UK vineyard Nyetimber usually attend to keep up the home side, but absent this year the mantle fell to Bride valley, which is the estate of Decanter consultant editor Steven Spurrier.  He and his wife Bella were on hand to pour and give us the background to their Dorset operation which boasts 25 acres of southeast facing slopes benefitting from having the chalky Kimmeridge soils.  Similar in terroir as northern France, they concentrate on the 3 Champagne varieties to produce a fine sparkling wine up there with the best that this country is offering.   I do hope that we see more UK producers being invited/accepting to take part as I’ve done a few vineyard visits this year and the quality is something to shout about.

Not shy in coming forward these last few years are the Prosecco producers who were out in force again, and I got chatting to the chaps from Carpené Malvoti who lay claim to being the first ever producer of Prosecco.  There’s been much talk in the UK of the rise in popularity of Prosecco and the subsequent shortage if demand keeps up to its current levels.  I was keen to understand whether this was truth or simply media hype to stimulate sales.  He assured me that, whilst true, it was currently only confined to the lower level (but still quality) DOC wines as opposed to the DOCG level.  It will be interesting to see if this demand creeps in to top level offerings or whether people are simply interested in Prosecco as a cheap fizz.

My standout wine of the show would have to go to Heitz Cellars Martha’s Vineyard Cabernet Sauvignon 2009.  Having tasted their range before I gravitated towards them and this wine was pure velvet and silk, the 6 years of age having softened any tannic qualities away.  The fruit was as intense as you would expect with super ripe black cherry, blue plum, light spices and a fresh acid meaning that this was an absolute pleasure to drink.

Next up was the ‘Majestic Wines Winter Showcase’.  The rain may have been drizzling as I arrived, but I was set at ease with a ‘welcome’ glass of Laurent-Perrier’s superb NV Rosé.  It’s far from being the most expensive bottle of Champagne that I buy, but this is a lovely palate-pleasing Champagne I truly save for special occasions.

Also showing that night was the 2014 Cótes du Rhóne from Majestic’s new own-brand label ‘Definition’, which aims to capture the quintessential qualities of the world’s best wines.  This CdR was a powerful 15% wine, full of black cherry, wood, spice and light tannin, not unlike a Chateauneuf.  Also pouring alongside various reds and whites was a Tuscan Pinot Grigio from Banfi, an Amarone Classico from Masi, one sweet wine, and the multi-award winning Manzanilla Sherry from La Gitana.  My highlight of the evening came from a Brunello di Montalcino, again from Banfi, which had all the characteristics I love about old Bordeaux.  Dried red cherry and raspberry mixed with old wood and cedar, coffee, lightly grained tannin and a warming 14% alcohol carrying it through to a satisfying long finish.

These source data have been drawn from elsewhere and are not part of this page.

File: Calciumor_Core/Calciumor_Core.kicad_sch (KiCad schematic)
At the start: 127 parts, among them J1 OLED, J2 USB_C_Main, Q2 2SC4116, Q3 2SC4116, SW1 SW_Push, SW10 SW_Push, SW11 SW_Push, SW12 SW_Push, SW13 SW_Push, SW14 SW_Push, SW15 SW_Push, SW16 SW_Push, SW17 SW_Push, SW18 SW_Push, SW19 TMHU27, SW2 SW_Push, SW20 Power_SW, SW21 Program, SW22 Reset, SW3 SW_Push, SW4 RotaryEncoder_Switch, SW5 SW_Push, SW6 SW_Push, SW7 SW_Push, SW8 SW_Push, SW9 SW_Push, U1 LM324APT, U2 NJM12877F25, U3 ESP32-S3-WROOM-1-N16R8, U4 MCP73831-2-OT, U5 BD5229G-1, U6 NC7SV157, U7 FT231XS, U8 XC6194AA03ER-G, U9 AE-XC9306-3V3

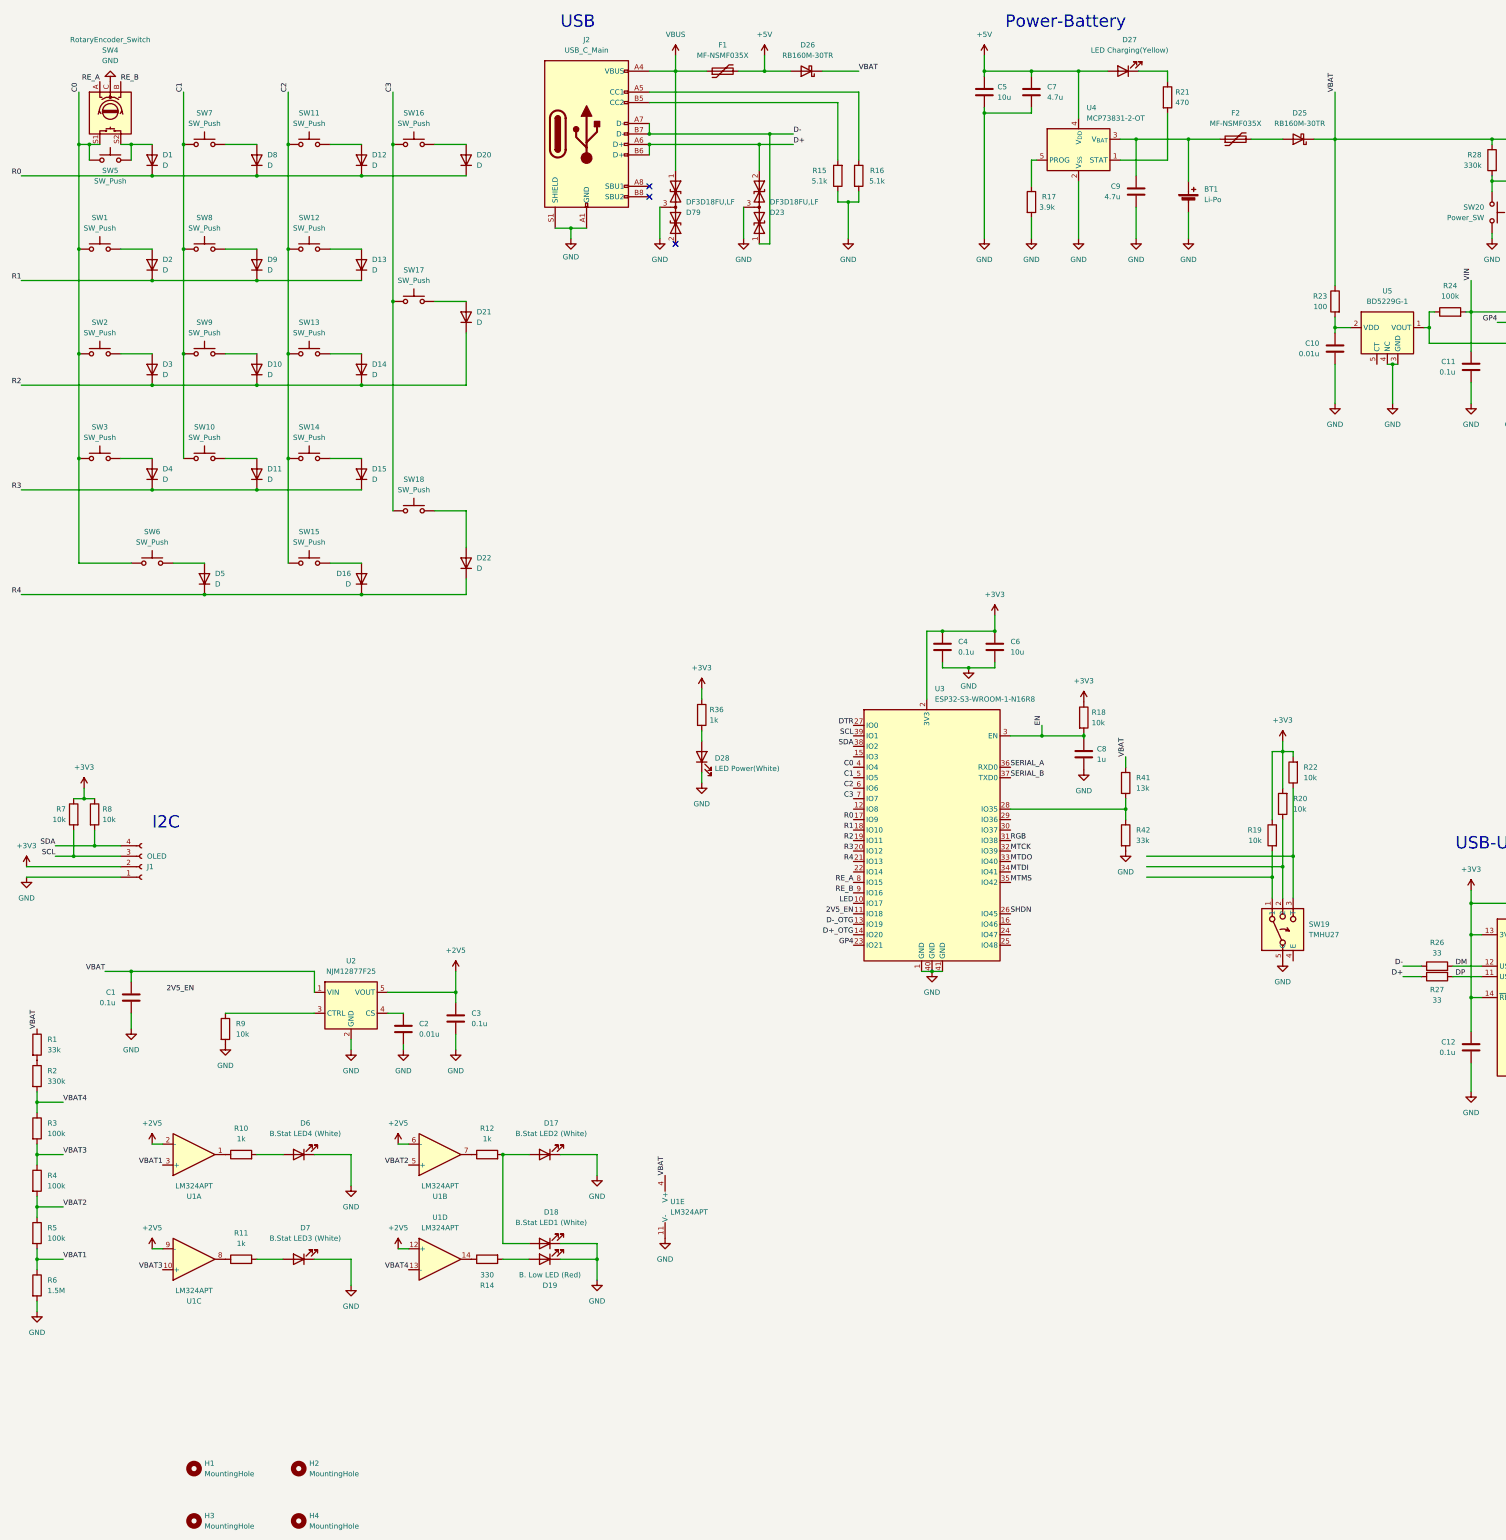
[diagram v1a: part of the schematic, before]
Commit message: Adjust Patterns and Pastes
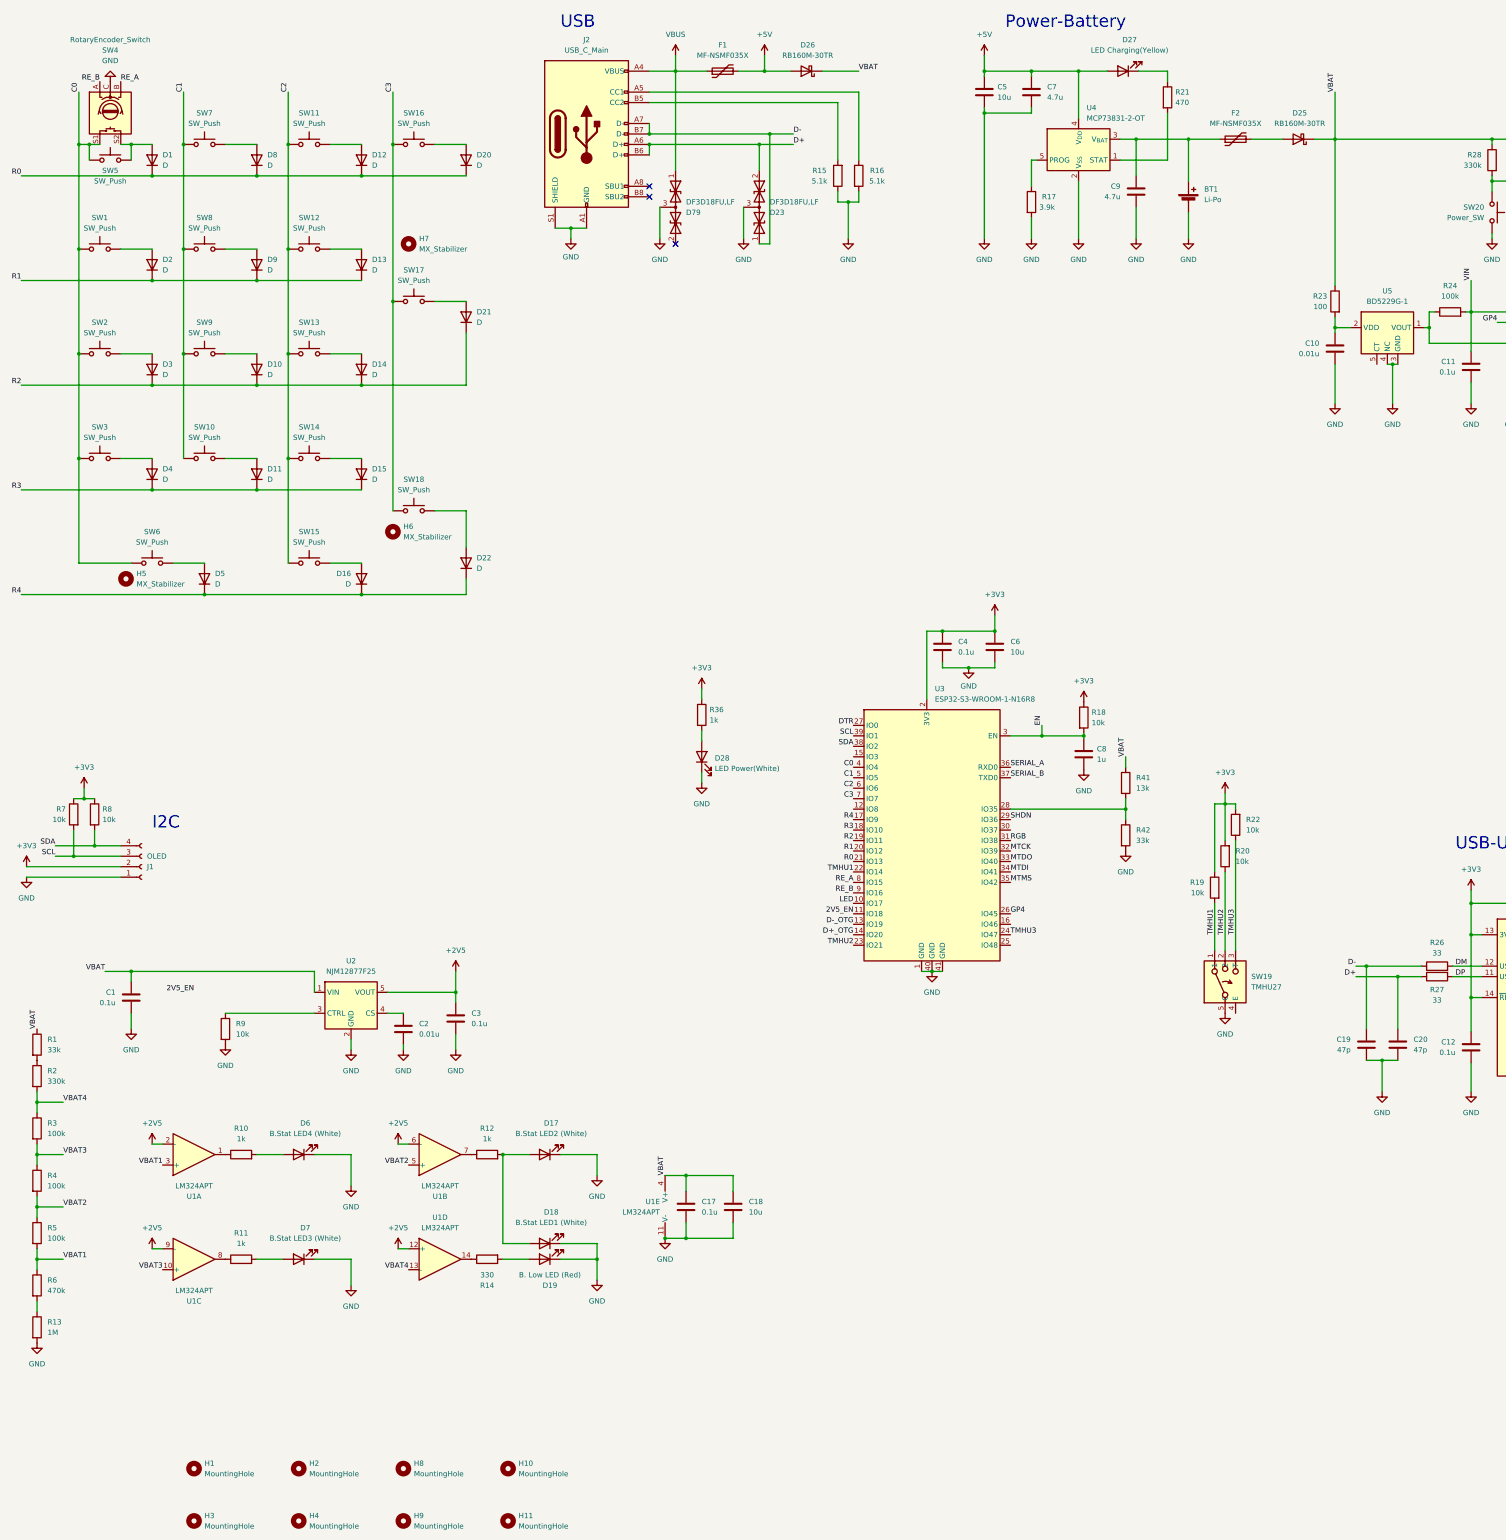
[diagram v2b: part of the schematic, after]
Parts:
- added C17: 0.1u, Capacitor_SMD:C_0402_1005Metric, symbol Device:C
- added C18: 10u, Capacitor_SMD:C_0805_2012Metric, symbol Device:C
- added C19, C20: 47p, Capacitor_SMD:C_0402_1005Metric, symbol Device:C
- added H10, H11, H8, H9: MountingHole, MountingHole:MountingHole_2.2mm_M2, symbol Mechanical:MountingHole
- added H5, H6, H7: MX_Stabilizer, PCM_Mounting_Keyboard_Stabilizer:Stabilizer_Cherry_MX_2.00u, symbol Mechanical:MountingHole
- added R13: 1M, Resistor_SMD:R_0603_1608Metric, symbol Device:R
- C13: LCSC C307331 -> C1523
- C5, C6: LCSC C15850 -> C440198
- D1, D10, D11, D12, D13, D14, D15, D16, D2, D20, D21, D22, D3, D4, D5, D8, D9: footprint Ultramarine-2:SOD-123 -> Diode_SMD:D_SOD-123
- D17, D18, D28, D6, D7: LCSC C2290 -> (none)
- D19: LCSC C2286 -> (none)
- D27: LCSC C72038 -> (none)
- R14: LCSC C11702 -> C25104
- R2: LCSC C22807 -> C23137
- R28: footprint Resistor_SMD:R_0402_1005Metric -> Resistor_SMD:R_0603_1608Metric
- R3, R4, R5: LCSC C25779 -> C25741
- R42: LCSC C22967 -> C25779
- R6: value 1.5M -> 470k
- U7: LCSC C89607 -> C132160
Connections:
- net C3: now also SW17.1, SW18.1; no longer SW17.2, SW18.2
- net D+: now also C20.1
- net D-: now also C19.1
- net GND: now also C17.2, C18.2, C19.2, C20.2, R13.2; no longer R6.2
- net GP4: now also U3.26 (IO45); no longer U3.23 (IO21)
- net R0: now also U3.21 (IO13); no longer U3.17 (IO9)
- net R1: now also U3.20 (IO12); no longer U3.18 (IO10)
- net R3: now also U3.18 (IO10); no longer U3.20 (IO12)
- net R4: now also U3.17 (IO9); no longer U3.21 (IO13)
- net RE_A: now also SW4.B; no longer SW4.A
- net RE_B: now also SW4.A; no longer SW4.B
- net SHDN: now also U3.29 (IO36); no longer U3.26 (IO45)
- net VBAT: now also C17.1, C18.1
- net TMHU1: now reaches R19.2, SW19.1
- net TMHU1: now also U3.22 (IO14)
- net TMHU2: now reaches R20.1, SW19.2
- net TMHU2: now also U3.23 (IO21)
- net at D22.2 (A): now also SW18.2; no longer SW18.1
- net at D21.2 (A): now also SW17.2; no longer SW17.1
- net TMHU3: now reaches R22.1, SW19.3 (T)
- net TMHU3: now also U3.24 (IO47)
- new net: R13.1, R6.2
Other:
- moved on the sheet: R19, R20, R22, SW19

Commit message: Fixed 2V5 Power supply
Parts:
- removed D19: B. Low LED (Red), LED_SMD:LED_0603_1608Metric, symbol Device:LED
- removed H1, H3, H4: MountingHole, MountingHole:MountingHole_2.2mm_M2, symbol Mechanical:MountingHole
- removed R9: 10k, Resistor_SMD:R_0402_1005Metric, symbol Device:R
- added JP1: Jumper, Jumper:SolderJumper-3_P2.0mm_Open_TrianglePad1.0x1.5mm, symbol Jumper:SolderJumper_3_Open
- BT1, D26, D27, F1, F2, H10, H11, H6, J1, SW1, SW10, SW11, SW12, SW13, SW14, SW15, SW16, SW17, SW18, SW19, SW2, SW20, SW21, SW22, SW3, SW4, SW5, SW6, SW7, SW8, SW9, U2, U3, U4, U5, U9: now not fitted
- D10: renamed from D6; now not fitted
- D11: renamed from D7; now not fitted
- D20: renamed from D17; now not fitted
- D21: renamed from D18; now not fitted
- D23: renamed from D79; now not fitted
- D24: renamed from D28; now not fitted
- D25: renamed from D23; now not fitted
- D28: renamed from D25; now not fitted
- H1: renamed from H5; now not fitted
- H4: renamed from H2; now not fitted
- H7: renamed from H8; now not fitted
- H8: renamed from H9; now not fitted
- H9: renamed from H7; now not fitted
- Q1: renamed from Q2; now not fitted
- Q2: renamed from Q3; now not fitted
- R18: renamed from R17; now not fitted
- R7: renamed from R13; LCSC C26083 -> C22935
- U7: renamed from U6; LCSC (none) -> C184123
- renumbered C8 to C10, C9 to C11, C10 to C12, C19 to C13, C20 to C14, C11 to C15, C12 to C16, C13 to C17, C14 to C18, C15 to C19, C16 to C20, C17 to C4, C18 to C5, C4 to C6, C5 to C7, C6 to C8, C7 to C9, D20 to D17, D21 to D18, D22 to D19, D8 to D6, D9 to D7, D10 to D8, D11 to D9, R10 to R11, R11 to R12, R12 to R13, R36 to R15, R15 to R16, R16 to R17, R18 to R19, R41 to R20, R42 to R21, R21 to R22, R19 to R23, R20 to R24, R22 to R25, R23 to R26, R26 to R27, R27 to R28, R24 to R29, R28 to R30, R25 to R31, R30 to R32, R29 to R33, R31 to R34, R32 to R35, R33 to R36, R34 to R37, R35 to R38, R37 to R39, R38 to R40, R7 to R8, R8 to R9, U7 to U6
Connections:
- net VBAT: now also U2.3 (CTRL), JP1.1 (A); no longer D26.1 (K)
- net VIN: now also JP1.3 (B)
- net at R14.2: now also D21.2 (A)
- net at D20.2 (A), R13.2: no longer D21.2 (A)
- new net: D26.1 (K), JP1.2 (C)
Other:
- moved on the sheet: C1

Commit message: add 5V power source
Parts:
- removed BT1: Li-Po, Connector_JST:JST_PH_S2B-PH-K_1x02_P2.00mm_Horizontal, symbol Device:Battery_Cell
- removed J1: OLED, Connector_PinHeader_2.54mm:PinHeader_1x04_P2.54mm_Horizontal, symbol Connector:Conn_01x04_Socket
- added C21: 0.1u, Capacitor_SMD:C_0402_1005Metric, symbol Device:C
- added J1: Conn_01x07_Pin, Connector_JST:JST_PH_S6B-PH-SM4-TB_1x06-1MP_P2.00mm_Horizontal, symbol Connector:Conn_01x07_Pin
- added J4: NeoPixel, Connector_JST:JST_PH_S4B-PH-SM4-TB_1x04-1MP_P2.00mm_Horizontal, symbol Connector:Conn_01x05_Socket
- added J5: Li-Po(PH_S2B_SMD), Connector_JST:JST_PH_S2B-PH-SM4-TB_1x02-1MP_P2.00mm_Horizontal, symbol Connector:Conn_01x03_Socket
- added J6: Conn_01x05_Pin, Connector_JST:JST_PH_S4B-PH-SM4-TB_1x04-1MP_P2.00mm_Horizontal, symbol Connector:Conn_01x05_Pin
- added U10: AE-XC9306-5V, Calciumor:AE-XC9306-3V3, symbol Calciumor:AE-XC9306-3V3
- D26, D28: value RB160M-30TR -> SS2040FL
- U8: value XC6194AA03ER-G -> XC6194AA05ER-G
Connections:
- net +3V3: now also J1.5 (Pin_5), J6.3 (Pin_3)
- net +5V: now also C4.1, C5.1, U1.4 (V+), J4.2 (Pin_2), U10.3 (VOUT); no longer C7.1, C9.1, D26.2 (A), D27.2 (A), F1.2, U4.4 (V_{DD})
- net GND: now also C21.2, J1.6 (Pin_6), J1.MP (Pin_7), J4.3 (Pin_3), J4.MP (Pin_5), J5.2 (Pin_2), J5.MP (Pin_3), J6.4 (Pin_4), J6.MP (Pin_5), U10.2 (GND), U10.5 (GND)
- net LED: now also J4.4 (Pin_4)
- net PG: now also U10.4 (EN)
- net RGB: now also J4.1 (Pin_1)
- net SCL: now also J1.4 (Pin_4), J6.2 (Pin_2)
- net SDA: now also J1.3 (Pin_3), J6.1 (Pin_1)
- net VIN: now also C21.1, U10.1 (VIN)
- net at C11.1, F2.1, U4.3 (V_{BAT}): now also J5.1 (Pin_1)
- net TM_OUT: now reaches U3.15 (IO3)
- net TM_OUT: now also J1.1 (Pin_1)
- net TM_CLK: now reaches U3.16 (IO46)
- net TM_CLK: now also J1.2 (Pin_2)
- net VBAT renamed +BATT
- net +BATT: no longer C4.1, C5.1, U1.4 (V+)
- new net: C7.1, C9.1, D26.2 (A), D27.2 (A), F1.2, U4.4 (V_{DD})
- no-connect marks 4 -> 5
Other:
- moved on the sheet: C1, C18, C2, C3, U2, U9

I was a little disappointed that the regular tasting table wasn’t open that night (allowing you to try another 10 or so wines).  Previous tasting evenings have allowed this but apparently the volume of people expected would wipe out their entire weekly allocation of tasting wines.  A shame, so I’ll have to pop back.

Majestic recently dropped their 6 bottle minimum purchase, but with single bottle prices being raised slightly to reflect this, the discounts still kick in when you buy 6 or more bottles.  In addition to the 10% discount being offered on the tasting night, a Champagne promotion was running offering 33% off – a stunning 43% discount.  Being rude not to, I picked up the Laurent-Perrier Rosé and some Bollinger Grand Année 2005 in festive preparation.  At £35 and £53 respectively, this was certainly something to celebrate!